- [Problem]:
Below are the entries to work from; restate word for word the portion that opens with the line containing "line L2 (-25, -60) -> (-25, 0) construction" and closes with the line containing "line L0 (0, 0) -> (0, 5.7511)", keeping both.

Input material Block Start

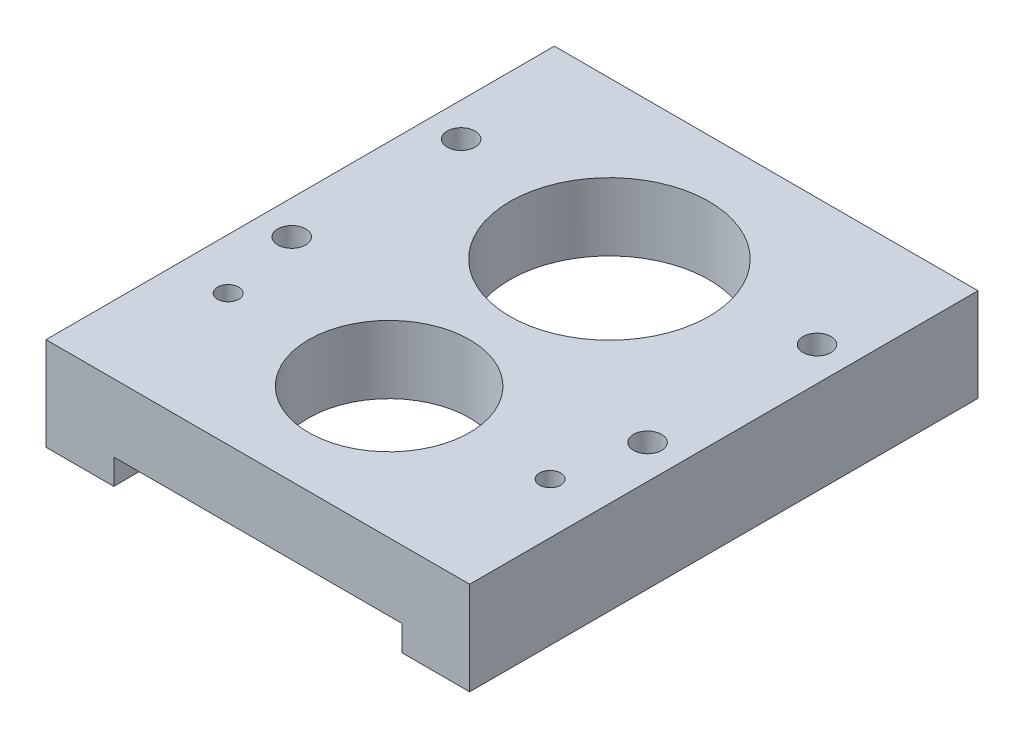
SolidWorks part; units mm, degrees
material "6061 合金"
ref_plane "前基準面" through (0, 0, 0) normal (0, 0, 1) x (1, 0, 0)
ref_plane "上基準面" through (0, 0, 0) normal (0, 1, 0) x (1, 0, 0)
ref_plane "右基準面" through (0, 0, 0) normal (1, 0, 0) x (0, 0, -1)
sketch "草圖1" plane through (0, 0, 0) normal (0, 0, 1) x (1, 0, 0)
  line L0 (-25, 0) -> (-17, 0)
  line L1 (-17, 0) -> (-17, 3)
  line L2 (-17, 3) -> (17, 3)
  line L3 (17, 3) -> (17, 0)
  line L4 (17, 0) -> (25, 0)
  line L5 (25, 0) -> (25, 11)
  line L6 (25, 11) -> (-25, 11)
  line L7 (-25, 11) -> (-25, 0)
  point P3 (0, 3)
  dimension "D1" = 3
  dimension "D2" = 11
  dimension "D3" = 8
  dimension "D4" = 50
extrude "填料-伸長1" add sketch "草圖1" along normal blind 60
sketch "草圖2" plane through (0, 11, 0) normal (0, 1, 0) x (1, 0, 0)
  line L0 (25, 0) -> (-25, 0) construction
  circle A0 centre (0, -18.5) radius 11.75
  point P5 (0, 0)
  dimension "D2" = 23.5
  dimension "D1" = 18.5
extrude "除料-伸長1" cut sketch "草圖2" against normal blind 40
sketch "草圖3" plane through (0, 11, 0) normal (0, 1, 0) x (1, 0, 0)
  line L0 (25, 0) -> (-25, 0) construction
  circle A0 centre (0, -44.5) radius 9.5
  circle A1 centre (0, -18.5) radius 11.75 construction
  point P7 (0, 0)
  dimension "D1" = 26
  dimension "D2" = 19
extrude "除料-伸長2" cut sketch "草圖3" against normal blind 40
hole_wizard "M3x0.5 螺紋孔1" positions "草圖5" profile "草圖6" tap size "M3x0.5" standard "Ansi Metric"
sketch "草圖5" plane through (0, 11, 0) normal (0, 1, 0) x (1, 0, 0)
  line L0 (25, -60) -> (25, 0) construction
  line L1 (25, -60) -> (-25, -60) construction
  line L2 (-25, -60) -> (-25, 0) construction
  point P0 (19, -44.5)
  point P3 (-19, -44.5)
  dimension "D1" = 6
  dimension "D2" = 15.5
  dimension "D3" = 6
  dimension "D4" = 15.5
sketch "草圖6" plane through (19, 11, 44.5) normal (1, 0, 0) x (0, 0, 1)
  line L0 (0, 0) -> (0, 5.7511)
  line L1 (0, 5.7511) -> (1.25, 5)
  line L2 (1.25, 5) -> (1.25, 0)
  line L5 (1.25, 0) -> (0, 0)
  line L10 (0, 5.7511) -> (-1.25, 5) construction
  line L11 (0, -6.35) -> (0, 107.95) construction
  dimension "螺孔鑽直徑" = 2.5
  dimension "螺孔鑽深度" = 5
  dimension "導頭角度" = 118
cosmetic thread "鑽孔螺紋1" parameters "D1"=6, "D2"=3
cosmetic thread "鑽孔螺紋2" parameters "D1"=6, "D2"=3
sketch "草圖7" plane through (0, 11, 0) normal (0, 1, 0) x (1, 0, 0)
  line L0 (25, 0) -> (-25, 0) construction
  line L1 (21, -35) -> (-21, -35) construction
  line L2 (21, -35) -> (21, -15) construction
  line L3 (21, -15) -> (-21, -15) construction
  line L4 (-21, -35) -> (-21, -15) construction
  circle A0 centre (-21, -35) radius 1.65
  circle A1 centre (-21, -15) radius 1.65
  circle A2 centre (21, -35) radius 1.65
  circle A3 centre (21, -15) radius 1.65
  point P8 (0, -35)
  point P11 (0, 0)
  dimension "D1" = 3.3
  dimension "D2" = 3.3
  dimension "D3" = 3.3
  dimension "D4" = 3.3
  dimension "D5" = 20
  dimension "D6" = 42
  dimension "D7" = 15
extrude "除料-伸長3" cut sketch "草圖7" against normal up to next

Input material Block End

- [Task result]:
  line L2 (-25, -60) -> (-25, 0) construction
  point P0 (19, -44.5)
  point P3 (-19, -44.5)
  dimension "D1" = 6
  dimension "D2" = 15.5
  dimension "D3" = 6
  dimension "D4" = 15.5
sketch "草圖6" plane through (19, 11, 44.5) normal (1, 0, 0) x (0, 0, 1)
  line L0 (0, 0) -> (0, 5.7511)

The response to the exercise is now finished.